Cependant, il est impossible d'extrapoler la qualité des feuilles de thé à l'ensemble de la production chinoise à partir de quelques cas ponctuels. Presque tous les professionnels du secteur rencontrés au cours de notre enquête ont souligné que la seule solution serait de vérifier les feuilles de thé au niveau du détaillant. "Pour le thé vert par exemple, si les jeunes feuilles cueillies ne sont pas transformées dans les quatre à cinq heures qui suivent, elles deviennent impropres à la fabrication de thé", nous explique un négociant qui fait souvent tester les récoltes. "Or, quand on les envoie en laboratoire, il faut au moins une journée pour avoir les résultats. Aussi les feuilles ne sont-elles jamais testées fraîchement cueillies. Quant aux échantillons fournis par les sociétés productrices de thé, ils ne sont pas fiables. Les entreprises peuvent très bien vendre un thé qui pose problème après avoir fourni des échantillons exempts de traitement aux laboratoires."

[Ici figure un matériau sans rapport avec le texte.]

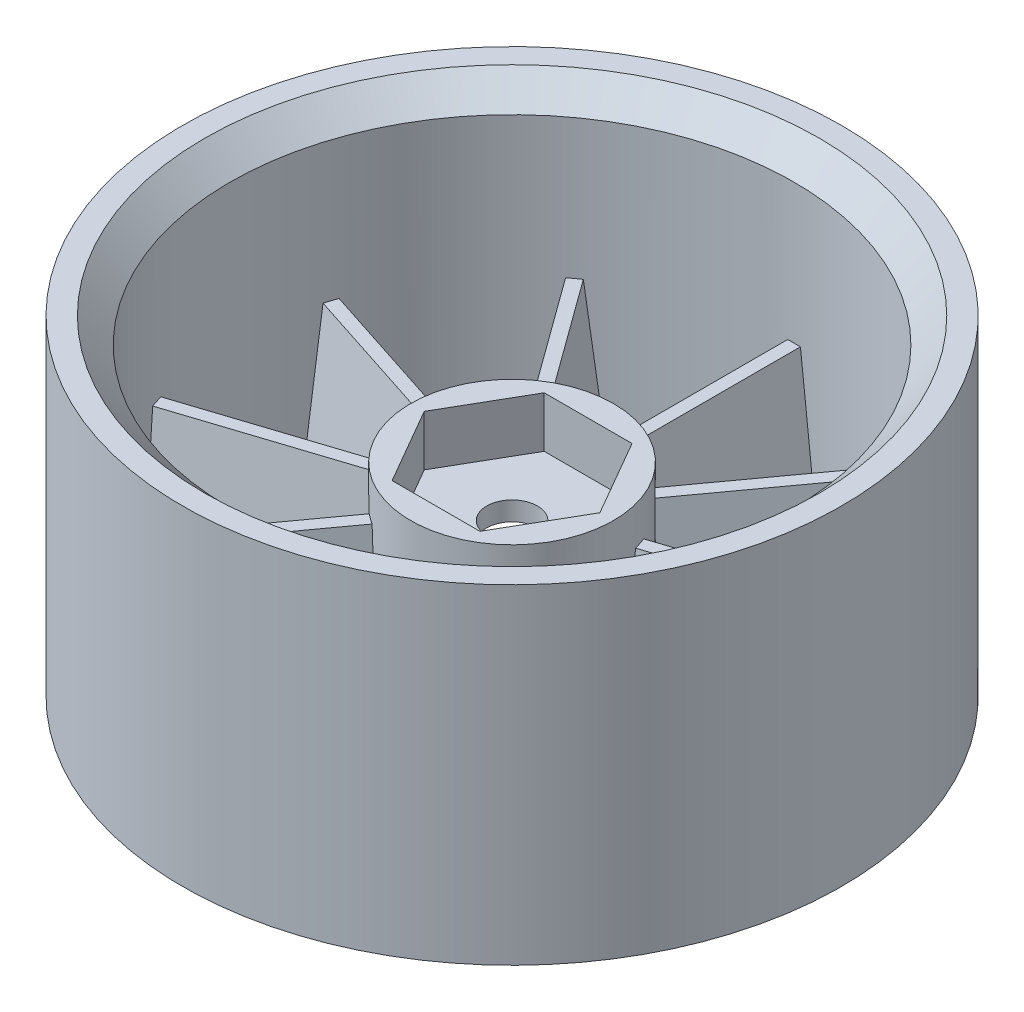
SolidWorks part; units mm, degrees
ref_plane "前视基准面" through (0, 0, 0) normal (0, 0, 1) x (1, 0, 0)
ref_plane "上视基准面" through (0, 0, 0) normal (0, 1, 0) x (1, 0, 0)
ref_plane "右视基准面" through (0, 0, 0) normal (1, 0, 0) x (0, 0, -1)
sketch "草图1" plane through (0, 0, 0) normal (0, 1, 0) x (1, 0, 0)
  circle A0 centre (0, 0) radius 26
  dimension "D1" = 52
extrude "凸台-拉伸1" add sketch "草图1" along normal blind 26
sketch "草图2" plane through (0, 26, 0) normal (0, 1, 0) x (1, 0, 0)
  circle A0 centre (0, 0) radius 22.5
  dimension "D1" = 45
extrude "切除-拉伸1" cut sketch "草图2" against normal through all
chamfer "倒角1" [suppressed] distance 1.5 angle 45
ref_plane "基准面1" through (0, 10, 0) normal (0, -1, 0) x (-1, 0, 0)
sketch "草图3" plane through (0, 10, 0) normal (0, -1, 0) x (-1, 0, 0)
  circle A0 centre (0, 0) radius 8
  dimension "D1" = 16
extrude "凸台-拉伸2" add sketch "草图3" against normal blind 6 separate body
sketch "草图4" plane through (0, 16, 0) normal (0, 1, 0) x (1, 0, 0)
  line L1 (-3.4641, 6) -> (-6.9282, 0)
  line L2 (-6.9282, 0) -> (-3.4641, -6)
  line L3 (-3.4641, -6) -> (3.4641, -6)
  line L4 (3.4641, -6) -> (6.9282, 0)
  line L5 (6.9282, 0) -> (3.4641, 6)
  line L6 (3.4641, 6) -> (-3.4641, 6)
  circle A0 centre (0, 0) radius 6 construction
  dimension "D1" = 12
extrude "切除-拉伸2" cut sketch "草图4" against normal blind 4
sketch "草图5" plane through (0, 0, 0) normal (1, 0, 0) x (0, 0, -1)
  line L0 (22.5, 0) -> (17.5, 0)
  line L1 (-22.5, 0) -> (22.5, 0) construction
  line L2 (-26, 0) -> (26, 0) construction
  line L3 (-28.6, 10) -> (28.6, 10) construction
  line L4 (22.5, 0) -> (22.5, 13)
  line L5 (22.5, 13) -> (7.5, 13)
  line L6 (7.5, 13) -> (7.5, 10)
  line L7 (-22.5, 0) -> (22.5, 0) construction
  line L8 (0, 16) -> (6, 16) construction
  spline S0 degree 2 poles (17.5, 0) (11.3708, 3.8928) (7.5, 10) knots 0 0 0 1 1 1
  point P7 (8.0404, 10)
  point P13 (8.2355, 10)
  dimension "D1" = 5
  dimension "D2" = 15
  dimension "D3" = 3
extrude "凸台-拉伸3" add sketch "草图5" along normal blind 2 and the other way blind 2
sketch "草图6" plane through (0, 0, -7.5) normal (0, 0, 1) x (1, 0, 0)
  line L1 (2, 10) -> (-2, 10)
  line L2 (2, 10) -> (2, 13)
  line L3 (2, 13) -> (-2, 13)
  line L4 (-2, 10) -> (-2, 13)
ref_plane "基准面2" through (0, 0, -7.5) normal (0, 0, 1) x (1, 0, 0)
sketch "草图7" plane through (0, 0, -7.5) normal (0, 0, 1) x (1, 0, 0)
  line L0 (-2, 0) -> (-0.5, 13)
  line L1 (2, 13) -> (-2, 13) construction
  line L2 (-0.5, 13) -> (-2, 13)
  line L3 (-2, 13) -> (-2, 0)
  line L4 (2, 0) -> (0.5018, 13)
  line L5 (0.5018, 13) -> (2, 13)
  line L6 (2, 13) -> (2, 0)
  dimension "D1" = 1.5
  dimension "D2" = 1.4982
extrude "切除-拉伸3" cut sketch "草图7" against normal blind 14.91
fillet "圆角1" radius 10 1 edges at (0, 0, -17.5)
pattern_circular "阵列(圆周)1" count 10 over 360 about axis through (0, 26, 0) along (0, -1, 0) of "凸台-拉伸3", "切除-拉伸3", "圆角1" reverse direction yes
sketch "草图8" plane through (0, 0, 0) normal (0, -1, 0) x (1, 0, 0)
  circle A0 centre (0, 0) radius 22.5
  circle A1 centre (0, 0) radius 22.25
  dimension "D1" = 44.5
extrude "凸台-拉伸5" add sketch "草图8" against normal up to surface (26 mm away) up to face at (0, 26, 22.5)
chamfer "倒角2" distance 2 angle 45 1 edges at (0, 26, 22.25)
sketch "草图9" plane through (0, 10, 0) normal (0, -1, 0) x (-1, 0, 0)
  circle A0 centre (0, 0) radius 6
  dimension "D1" = 12
extrude "切除-拉伸4" cut sketch "草图9" against normal blind 0.5
sketch "草图10" plane through (0, 10.5, 0) normal (0, -1, 0) x (1, 0, 0)
  circle A0 centre (0, 0) radius 2
  dimension "D1" = 4
extrude "切除-拉伸5" cut sketch "草图10" against normal through all
chamfer "倒角3" distance 1 angle 45 10 edges at (-18.0006, 0, 13.0782) (-6.8756, 0, 21.161) (6.8756, 0, 21.161) (18.0006, 0, 13.0782) (22.25, 0, 0) (18.0006, 0, -13.0782) (6.8756, 0, -21.161) (-6.8756, 0, -21.161) (-18.0006, 0, -13.0782) (-22.25, 0, 0)

Quarante-deux produits phytosanitaires utilisés sur les théiers étaient interdits en Chine en 2010. Le ministère de l'Agriculture a recommandé l'interdiction de 9 autres insecticides. Cependant, pour 35 de ces 42 substances interdites, il n'existe aucune limite maximale pour les résidus autorisés dans les feuilles de thé. A ce jour, les autorités compétentes n'ont pas fixé de seuil de toxicité pour l'homme, et le flou le plus complet règne. Même si des substances proscrites sont décelées dans des feuilles de thé, les entreprises et les experts incriminés peuvent se retrancher derrière l'argument selon lequel "cela fait plusieurs dizaines d'années que ces produits ont été épandus sur les sols", et les interdictions restent presque toujours lettre morte.